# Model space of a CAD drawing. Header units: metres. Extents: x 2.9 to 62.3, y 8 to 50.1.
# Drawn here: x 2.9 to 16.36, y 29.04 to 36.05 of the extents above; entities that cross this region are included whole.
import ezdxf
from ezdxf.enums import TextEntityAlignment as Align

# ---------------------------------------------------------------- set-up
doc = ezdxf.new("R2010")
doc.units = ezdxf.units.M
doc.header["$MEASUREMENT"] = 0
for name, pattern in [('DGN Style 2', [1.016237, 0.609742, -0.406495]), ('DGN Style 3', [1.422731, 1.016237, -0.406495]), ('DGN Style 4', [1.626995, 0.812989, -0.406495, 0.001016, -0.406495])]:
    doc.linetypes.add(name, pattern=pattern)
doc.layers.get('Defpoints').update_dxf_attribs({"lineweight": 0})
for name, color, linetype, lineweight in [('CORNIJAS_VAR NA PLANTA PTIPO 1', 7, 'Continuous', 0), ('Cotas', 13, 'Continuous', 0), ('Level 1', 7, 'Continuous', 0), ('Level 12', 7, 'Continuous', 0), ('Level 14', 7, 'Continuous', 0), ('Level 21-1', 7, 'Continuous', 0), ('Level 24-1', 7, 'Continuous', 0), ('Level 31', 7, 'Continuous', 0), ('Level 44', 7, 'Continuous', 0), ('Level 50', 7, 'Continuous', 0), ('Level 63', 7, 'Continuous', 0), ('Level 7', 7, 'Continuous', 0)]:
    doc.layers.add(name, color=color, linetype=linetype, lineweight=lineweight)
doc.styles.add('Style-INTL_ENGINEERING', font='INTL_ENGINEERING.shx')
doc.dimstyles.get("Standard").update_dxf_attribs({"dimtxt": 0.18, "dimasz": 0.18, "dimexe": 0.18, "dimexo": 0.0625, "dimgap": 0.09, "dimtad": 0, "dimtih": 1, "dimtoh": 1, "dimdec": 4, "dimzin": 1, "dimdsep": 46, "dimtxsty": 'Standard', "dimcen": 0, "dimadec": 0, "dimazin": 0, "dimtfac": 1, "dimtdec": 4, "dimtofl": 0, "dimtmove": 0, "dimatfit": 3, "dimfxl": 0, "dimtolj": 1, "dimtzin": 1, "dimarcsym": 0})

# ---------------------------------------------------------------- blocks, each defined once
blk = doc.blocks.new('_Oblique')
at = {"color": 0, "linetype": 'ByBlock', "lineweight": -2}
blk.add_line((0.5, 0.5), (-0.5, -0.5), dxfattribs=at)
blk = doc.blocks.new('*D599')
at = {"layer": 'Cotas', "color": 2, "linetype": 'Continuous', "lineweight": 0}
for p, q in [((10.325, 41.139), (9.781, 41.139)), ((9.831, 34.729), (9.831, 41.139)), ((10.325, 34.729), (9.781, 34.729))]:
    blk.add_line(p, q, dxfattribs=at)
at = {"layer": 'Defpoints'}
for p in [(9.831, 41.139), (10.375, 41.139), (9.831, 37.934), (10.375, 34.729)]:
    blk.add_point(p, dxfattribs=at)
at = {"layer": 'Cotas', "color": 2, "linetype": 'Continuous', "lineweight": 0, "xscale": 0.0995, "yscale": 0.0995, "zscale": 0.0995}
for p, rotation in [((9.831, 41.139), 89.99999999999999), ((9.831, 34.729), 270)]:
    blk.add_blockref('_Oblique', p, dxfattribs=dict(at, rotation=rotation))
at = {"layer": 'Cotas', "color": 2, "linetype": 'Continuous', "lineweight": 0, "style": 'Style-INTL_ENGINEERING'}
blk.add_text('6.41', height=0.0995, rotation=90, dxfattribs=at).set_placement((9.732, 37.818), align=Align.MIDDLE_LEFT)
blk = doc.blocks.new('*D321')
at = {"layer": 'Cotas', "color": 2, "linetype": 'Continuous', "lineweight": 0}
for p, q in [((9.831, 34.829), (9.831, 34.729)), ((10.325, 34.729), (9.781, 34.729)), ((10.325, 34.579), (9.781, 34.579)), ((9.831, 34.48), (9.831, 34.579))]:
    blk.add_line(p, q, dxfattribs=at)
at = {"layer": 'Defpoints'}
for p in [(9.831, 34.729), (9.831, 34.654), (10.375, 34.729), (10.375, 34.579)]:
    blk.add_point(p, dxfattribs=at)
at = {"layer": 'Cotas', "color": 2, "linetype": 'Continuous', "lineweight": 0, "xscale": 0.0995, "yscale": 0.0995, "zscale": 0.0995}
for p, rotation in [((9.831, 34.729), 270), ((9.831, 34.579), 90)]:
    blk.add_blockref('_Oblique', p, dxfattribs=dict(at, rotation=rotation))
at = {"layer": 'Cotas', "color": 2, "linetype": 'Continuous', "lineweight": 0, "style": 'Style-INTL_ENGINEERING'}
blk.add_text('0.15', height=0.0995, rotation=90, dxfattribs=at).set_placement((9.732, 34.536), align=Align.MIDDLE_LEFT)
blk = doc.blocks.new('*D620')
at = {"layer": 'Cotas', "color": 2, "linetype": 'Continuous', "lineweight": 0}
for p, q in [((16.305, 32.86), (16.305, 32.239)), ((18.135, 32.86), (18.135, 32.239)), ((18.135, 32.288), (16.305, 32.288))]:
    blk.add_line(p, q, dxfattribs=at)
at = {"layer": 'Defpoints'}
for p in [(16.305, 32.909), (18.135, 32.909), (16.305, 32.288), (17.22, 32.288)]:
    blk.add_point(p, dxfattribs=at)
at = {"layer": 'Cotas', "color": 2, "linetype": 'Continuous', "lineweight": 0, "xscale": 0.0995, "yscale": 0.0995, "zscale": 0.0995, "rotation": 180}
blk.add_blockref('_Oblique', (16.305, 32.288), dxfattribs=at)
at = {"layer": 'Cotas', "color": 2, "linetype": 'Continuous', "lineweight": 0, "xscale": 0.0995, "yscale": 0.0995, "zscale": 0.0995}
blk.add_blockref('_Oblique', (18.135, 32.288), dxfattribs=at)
────────────────────
▶ **Exercise aim**: Copy every record exactly, leaving each line intact.

▶ **Completed task**:
# Model space of a CAD drawing. Header units: metres. Extents: x 2.9 to 62.3, y 8 to 50.1.
# Drawn here: x 2.9 to 16.36, y 29.04 to 36.05 of the extents above; entities that cross this region are included whole.
import ezdxf
from ezdxf.enums import TextEntityAlignment as Align

# ---------------------------------------------------------------- set-up
doc = ezdxf.new("R2010")
doc.units = ezdxf.units.M
doc.header["$MEASUREMENT"] = 0
for name, pattern in [('DGN Style 2', [1.016237, 0.609742, -0.406495]), ('DGN Style 3', [1.422731, 1.016237, -0.406495]), ('DGN Style 4', [1.626995, 0.812989, -0.406495, 0.001016, -0.406495])]:
    doc.linetypes.add(name, pattern=pattern)
doc.layers.get('Defpoints').update_dxf_attribs({"lineweight": 0})
for name, color, linetype, lineweight in [('CORNIJAS_VAR NA PLANTA PTIPO 1', 7, 'Continuous', 0), ('Cotas', 13, 'Continuous', 0), ('Level 1', 7, 'Continuous', 0), ('Level 12', 7, 'Continuous', 0), ('Level 14', 7, 'Continuous', 0), ('Level 21-1', 7, 'Continuous', 0), ('Level 24-1', 7, 'Continuous', 0), ('Level 31', 7, 'Continuous', 0), ('Level 44', 7, 'Continuous', 0), ('Level 50', 7, 'Continuous', 0), ('Level 63', 7, 'Continuous', 0), ('Level 7', 7, 'Continuous', 0)]:
    doc.layers.add(name, color=color, linetype=linetype, lineweight=lineweight)
doc.styles.add('Style-INTL_ENGINEERING', font='INTL_ENGINEERING.shx')
doc.dimstyles.get("Standard").update_dxf_attribs({"dimtxt": 0.18, "dimasz": 0.18, "dimexe": 0.18, "dimexo": 0.0625, "dimgap": 0.09, "dimtad": 0, "dimtih": 1, "dimtoh": 1, "dimdec": 4, "dimzin": 1, "dimdsep": 46, "dimtxsty": 'Standard', "dimcen": 0, "dimadec": 0, "dimazin": 0, "dimtfac": 1, "dimtdec": 4, "dimtofl": 0, "dimtmove": 0, "dimatfit": 3, "dimfxl": 0, "dimtolj": 1, "dimtzin": 1, "dimarcsym": 0})

# ---------------------------------------------------------------- blocks, each defined once
blk = doc.blocks.new('_Oblique')
at = {"color": 0, "linetype": 'ByBlock', "lineweight": -2}
blk.add_line((0.5, 0.5), (-0.5, -0.5), dxfattribs=at)
blk = doc.blocks.new('*D599')
at = {"layer": 'Cotas', "color": 2, "linetype": 'Continuous', "lineweight": 0}
for p, q in [((10.325, 41.139), (9.781, 41.139)), ((9.831, 34.729), (9.831, 41.139)), ((10.325, 34.729), (9.781, 34.729))]:
    blk.add_line(p, q, dxfattribs=at)
at = {"layer": 'Defpoints'}
for p in [(9.831, 41.139), (10.375, 41.139), (9.831, 37.934), (10.375, 34.729)]:
    blk.add_point(p, dxfattribs=at)
at = {"layer": 'Cotas', "color": 2, "linetype": 'Continuous', "lineweight": 0, "xscale": 0.0995, "yscale": 0.0995, "zscale": 0.0995}
for p, rotation in [((9.831, 41.139), 89.99999999999999), ((9.831, 34.729), 270)]:
    blk.add_blockref('_Oblique', p, dxfattribs=dict(at, rotation=rotation))
at = {"layer": 'Cotas', "color": 2, "linetype": 'Continuous', "lineweight": 0, "style": 'Style-INTL_ENGINEERING'}
blk.add_text('6.41', height=0.0995, rotation=90, dxfattribs=at).set_placement((9.732, 37.818), align=Align.MIDDLE_LEFT)
blk = doc.blocks.new('*D321')
at = {"layer": 'Cotas', "color": 2, "linetype": 'Continuous', "lineweight": 0}
for p, q in [((9.831, 34.829), (9.831, 34.729)), ((10.325, 34.729), (9.781, 34.729)), ((10.325, 34.579), (9.781, 34.579)), ((9.831, 34.48), (9.831, 34.579))]:
    blk.add_line(p, q, dxfattribs=at)
at = {"layer": 'Defpoints'}
for p in [(9.831, 34.729), (9.831, 34.654), (10.375, 34.729), (10.375, 34.579)]:
    blk.add_point(p, dxfattribs=at)
at = {"layer": 'Cotas', "color": 2, "linetype": 'Continuous', "lineweight": 0, "xscale": 0.0995, "yscale": 0.0995, "zscale": 0.0995}
for p, rotation in [((9.831, 34.729), 270), ((9.831, 34.579), 90)]:
    blk.add_blockref('_Oblique', p, dxfattribs=dict(at, rotation=rotation))
at = {"layer": 'Cotas', "color": 2, "linetype": 'Continuous', "lineweight": 0, "style": 'Style-INTL_ENGINEERING'}
blk.add_text('0.15', height=0.0995, rotation=90, dxfattribs=at).set_placement((9.732, 34.536), align=Align.MIDDLE_LEFT)
blk = doc.blocks.new('*D620')
at = {"layer": 'Cotas', "color": 2, "linetype": 'Continuous', "lineweight": 0}
for p, q in [((16.305, 32.86), (16.305, 32.239)), ((18.135, 32.86), (18.135, 32.239)), ((18.135, 32.288), (16.305, 32.288))]:
    blk.add_line(p, q, dxfattribs=at)
at = {"layer": 'Defpoints'}
for p in [(16.305, 32.909), (18.135, 32.909), (16.305, 32.288), (17.22, 32.288)]:
    blk.add_point(p, dxfattribs=at)
at = {"layer": 'Cotas', "color": 2, "linetype": 'Continuous', "lineweight": 0, "xscale": 0.0995, "yscale": 0.0995, "zscale": 0.0995, "rotation": 180}
blk.add_blockref('_Oblique', (16.305, 32.288), dxfattribs=at)
at = {"layer": 'Cotas', "color": 2, "linetype": 'Continuous', "lineweight": 0, "xscale": 0.0995, "yscale": 0.0995, "zscale": 0.0995}
blk.add_blockref('_Oblique', (18.135, 32.288), dxfattribs=at)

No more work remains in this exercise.